# Miter saw sawdust prevention



## Lennyzx11 (Dec 14, 2019)

After looking longingly at Rockler’s Track system for a bit, I decided that 
1. It seemed kinda expensive.
2. I could do it better with something I had around the house.

Now I have to explain why when grandma and 6 year old granddaughter get home...











































Sent from my iPhone using Tapatalk


----------



## woodnthings (Jan 24, 2009)

Doesn't that saw have front dust port? You're better off hooking up your most powerful shop vac right at the source than using a defector shield after the dust has entered the shop environment. If there's no easy connection make a transition from a plastic bottle, Frenches mustard, HEET deicer gas solution, Hines ketchup ... what ever. just cut it with a scissors until it works and tape it on. Use a lightweight flexible hose so there's not so much weight on it.

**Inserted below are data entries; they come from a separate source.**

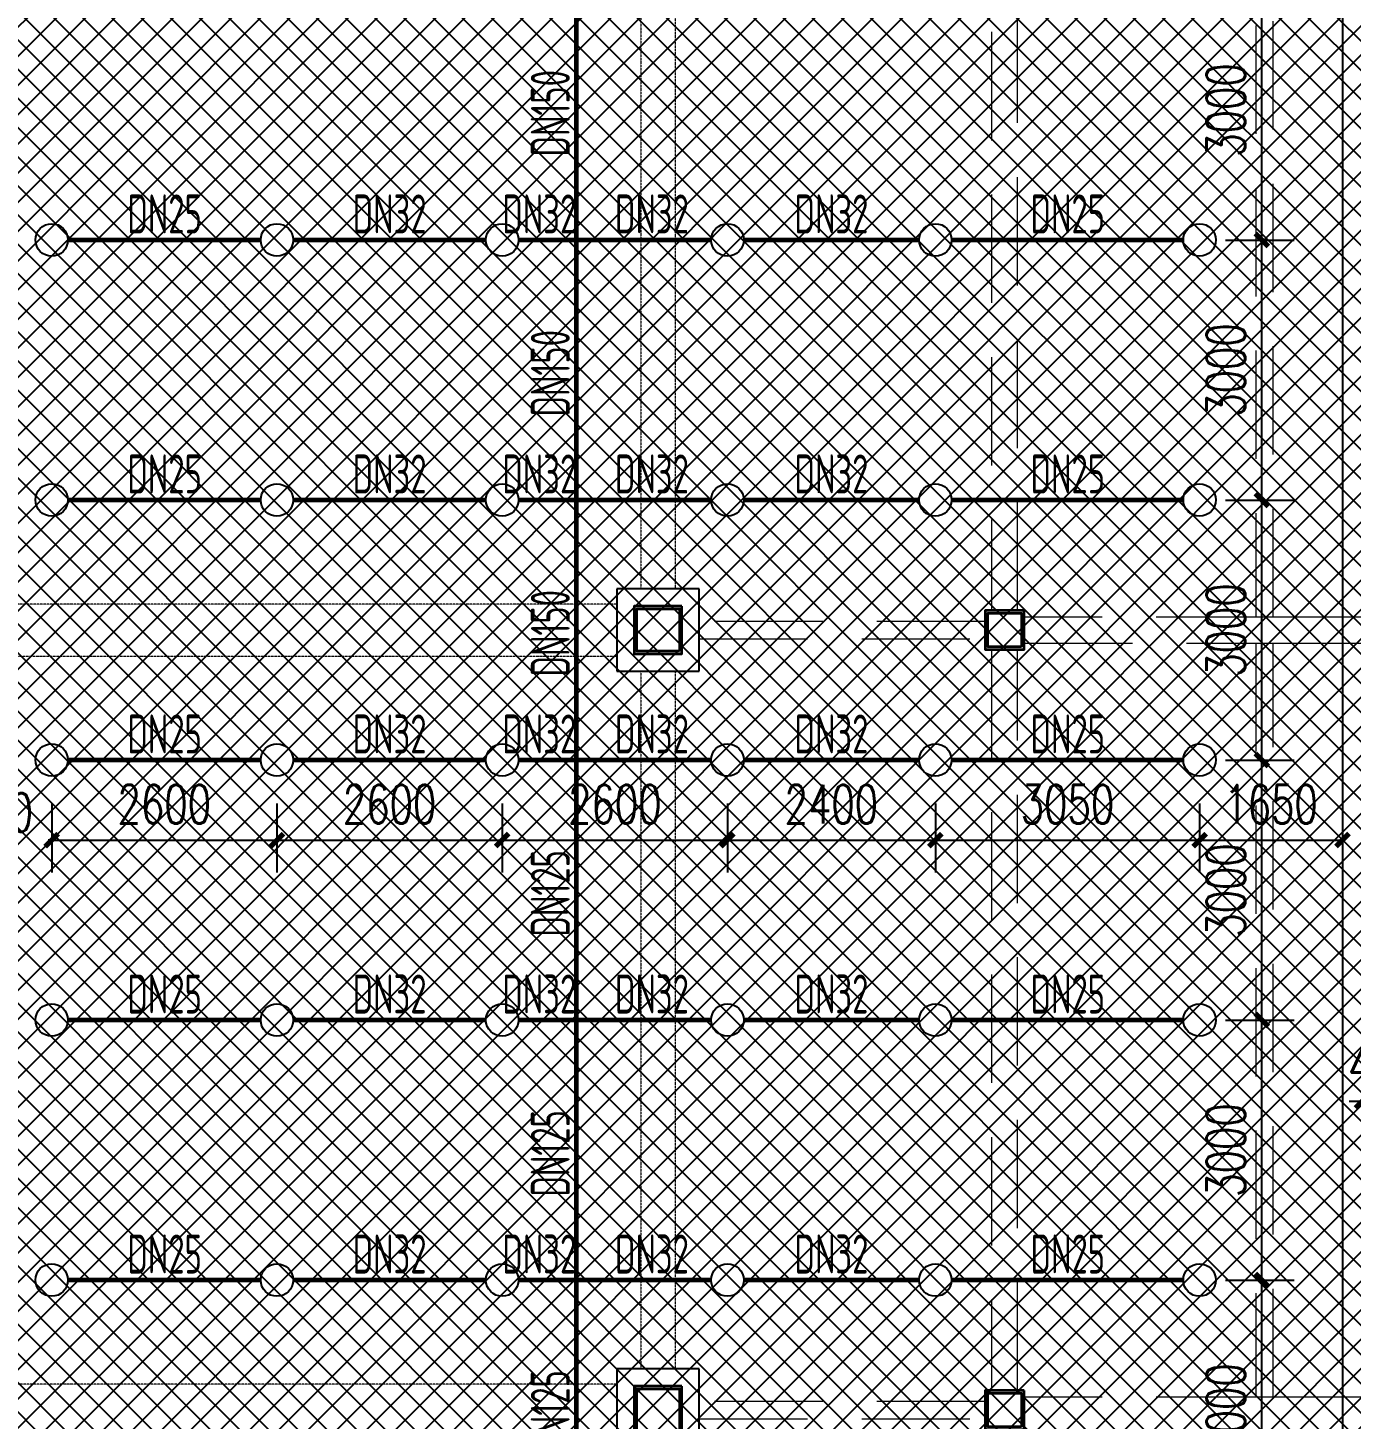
# Model space of a CAD drawing. Extents: x 6824721 to 16538177, y 2478193 to 6665639.
# Drawn here: x 8723988 to 8739264, y 2774596 to 2790649 of the extents above; entities that cross this region are included whole.
import ezdxf

# ---------------------------------------------------------------- set-up
doc = ezdxf.new("R2010")
doc.units = 0
doc.header["$LTSCALE"] = 10
doc.linetypes.add('DASH', pattern=[0.35, 0.25, -0.1])
doc.linetypes.add('短虚线', pattern=[187.5, 125, -62.5])
for name, color, linetype in [('0-wo', 8, 'Continuous'), ('S-梁-虚线', 4, 'DASH'), ('W-EQUIP_喷头', 7, 'Continuous'), ('W-PIPE-喷淋中', 6, 'Continuous'), ('W-TEXT_喷淋', 7, 'Continuous'), ('W-TWT_DIM', 3, 'Continuous')]:
    doc.layers.add(name, color=color, linetype=linetype)
doc.layers.add('钢梁', color=141, linetype='Continuous', lineweight=18)
doc.styles.add('_TCH_DIM_T3', font='SIMPLEX', dxfattribs={"width": 0.705882, "bigfont": 'GBCBIG'})
doc.styles.add('_TWT_PIPEDN', font='TSSDENG', dxfattribs={"width": 0.8, "height": 3.5, "bigfont": 'TSSDCHN'})
doc.dimstyles.new('_TWT_ARCH&&150', dxfattribs={"dimtxt": 446.25, "dimasz": 150, "dimexe": 375, "dimexo": 450, "dimgap": 189.375, "dimtad": 1, "dimdec": 0, "dimzin": 0, "dimdsep": 46, "dimtxsty": '_TCH_DIM_T3', "dimblk": 'ARCHTICK', "dimcen": 0.09, "dimclrt": 7, "dimazin": 2, "dimtfac": 1, "dimtdec": 0, "dimtix": 1, "dimtmove": 2, "dimatfit": 3, "dimfxl": 0, "dimtolj": 1, "dimtzin": 0, "dimarcsym": 0})

# ---------------------------------------------------------------- blocks, each defined once
blk = doc.blocks.new('LIANGMOBAN')
at = {"layer": 'S-梁-虚线', "color": 8, "lineweight": 18}
for p, q in [((1861591, 78253), (1861591, 70203)), ((1861991, 70203), (1861991, 78253)), ((1861316, 70028), (1853641, 70028)), ((1853641, 69428), (1861316, 69428)), ((1861591, 69253), (1861591, 61203)), ((1861991, 61203), (1861991, 69253)), ((1861316, 61028), (1853641, 61028))]:
    blk.add_line(p, q, dxfattribs=at)
at = {"layer": '钢梁', "color": 8, "linetype": '短虚线', "lineweight": 18}
for p, q in [((1865641, 78503), (1865641, 69953)), ((1865941, 69953), (1865941, 78503)), ((1868691, 78578), (1868691, 69878)), ((1868891, 69878), (1868891, 78578)), ((1868791, 69878), (1866016, 69878)), ((1871791, 69878), (1868791, 69878)), ((1865566, 69828), (1862266, 69828)), ((1862266, 69628), (1865566, 69628)), ((1866016, 69578), (1868791, 69578)), ((1868691, 69578), (1868691, 60878)), ((1868791, 69578), (1871791, 69578)), ((1868891, 60878), (1868891, 69578)), ((1865641, 69503), (1865641, 60953)), ((1865941, 60953), (1865941, 69503)), ((1868791, 60878), (1866016, 60878)), ((1871791, 60878), (1868791, 60878)), ((1865566, 60828), (1862266, 60828)), ((1862266, 60628), (1865566, 60628))]:
    blk.add_line(p, q, dxfattribs=at)
blk = doc.blocks.new('_ArchTick')
at = {"color": 0, "linetype": 'ByBlock', "const_width": 0.4}
blk.add_lwpolyline([(-0.5, -0.5), (0.5, 0.5)], dxfattribs=at)
blk = doc.blocks.new('*D1066')
at = {"layer": 'Defpoints', "color": 0, "transparency": 16777216}
for p in [(8737514, 2782150), (8739164, 2782150), (8739164, 2781277)]:
    blk.add_point(p, dxfattribs=at)
at = {"layer": 'W-TWT_DIM', "color": 0, "lineweight": -2, "transparency": 16777216}
for p, q in [((8737514, 2781700), (8737514, 2780902)), ((8739164, 2781700), (8739164, 2780902)), ((8737514, 2781277), (8739164, 2781277))]:
    blk.add_line(p, q, dxfattribs=at)
at = {"layer": 'W-TWT_DIM', "color": 0, "lineweight": -2, "transparency": 16777216, "xscale": 150, "yscale": 150, "zscale": 150, "rotation": 180}
blk.add_blockref('_ArchTick', (8737514, 2781277), dxfattribs=at)
at = {"layer": 'W-TWT_DIM', "color": 0, "lineweight": -2, "transparency": 16777216, "xscale": 150, "yscale": 150, "zscale": 150}
blk.add_blockref('_ArchTick', (8739164, 2781277), dxfattribs=at)
at = {"layer": 'W-TWT_DIM', "color": 7, "transparency": 16777216, "insert": (8738339, 2781690), "char_height": 446.2, "attachment_point": 5, "style": '_TCH_DIM_T3'}
blk.add_mtext('\\A1;1650', dxfattribs=at)
blk = doc.blocks.new('*D1067')
at = {"layer": 'Defpoints', "color": 0, "transparency": 16777216}
for p in [(8734464, 2782150), (8737514, 2782150), (8737514, 2781277)]:
    blk.add_point(p, dxfattribs=at)
at = {"layer": 'W-TWT_DIM', "color": 0, "lineweight": -2, "transparency": 16777216}
for p, q in [((8734464, 2781700), (8734464, 2780902)), ((8737514, 2781700), (8737514, 2780902)), ((8734464, 2781277), (8737514, 2781277))]:
    blk.add_line(p, q, dxfattribs=at)
at = {"layer": 'W-TWT_DIM', "color": 0, "lineweight": -2, "transparency": 16777216, "xscale": 150, "yscale": 150, "zscale": 150, "rotation": 180}
blk.add_blockref('_ArchTick', (8734464, 2781277), dxfattribs=at)
at = {"layer": 'W-TWT_DIM', "color": 0, "lineweight": -2, "transparency": 16777216, "xscale": 150, "yscale": 150, "zscale": 150}
blk.add_blockref('_ArchTick', (8737514, 2781277), dxfattribs=at)
at = {"layer": 'W-TWT_DIM', "color": 7, "transparency": 16777216, "insert": (8735989, 2781690), "char_height": 446.2, "attachment_point": 5, "style": '_TCH_DIM_T3'}
blk.add_mtext('\\A1;3050', dxfattribs=at)
blk = doc.blocks.new('*D1068')
at = {"layer": 'Defpoints', "color": 0, "transparency": 16777216}
for p in [(8732064, 2782150), (8734464, 2782150), (8734464, 2781277)]:
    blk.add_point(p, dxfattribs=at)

I used 2" PVC on my Bosch to divert the dust away from my face and eyes when I'm sawing outside.
Nice Dolphins.


----------



## GeorgeC (Jul 30, 2008)

You can do much better than that for little or no expense. Just use material lying around your shop


----------



## Lennyzx11 (Dec 14, 2019)

It was tongue in cheek. 
I’m working on a dust collection system but still moving things around. I usually have the shop vac connected to it but was guilty of cutting some “quick cuts” that threw sawdust on the assembly bench.


Sent from my iPhone using Tapatalk


----------



## _Ogre (Feb 1, 2013)

Lennyzx11 said:


> Now I have to explain why when grandma and 6 year old granddaughter get home...


using your granddaughters favorite shower curtain was your downfall


----------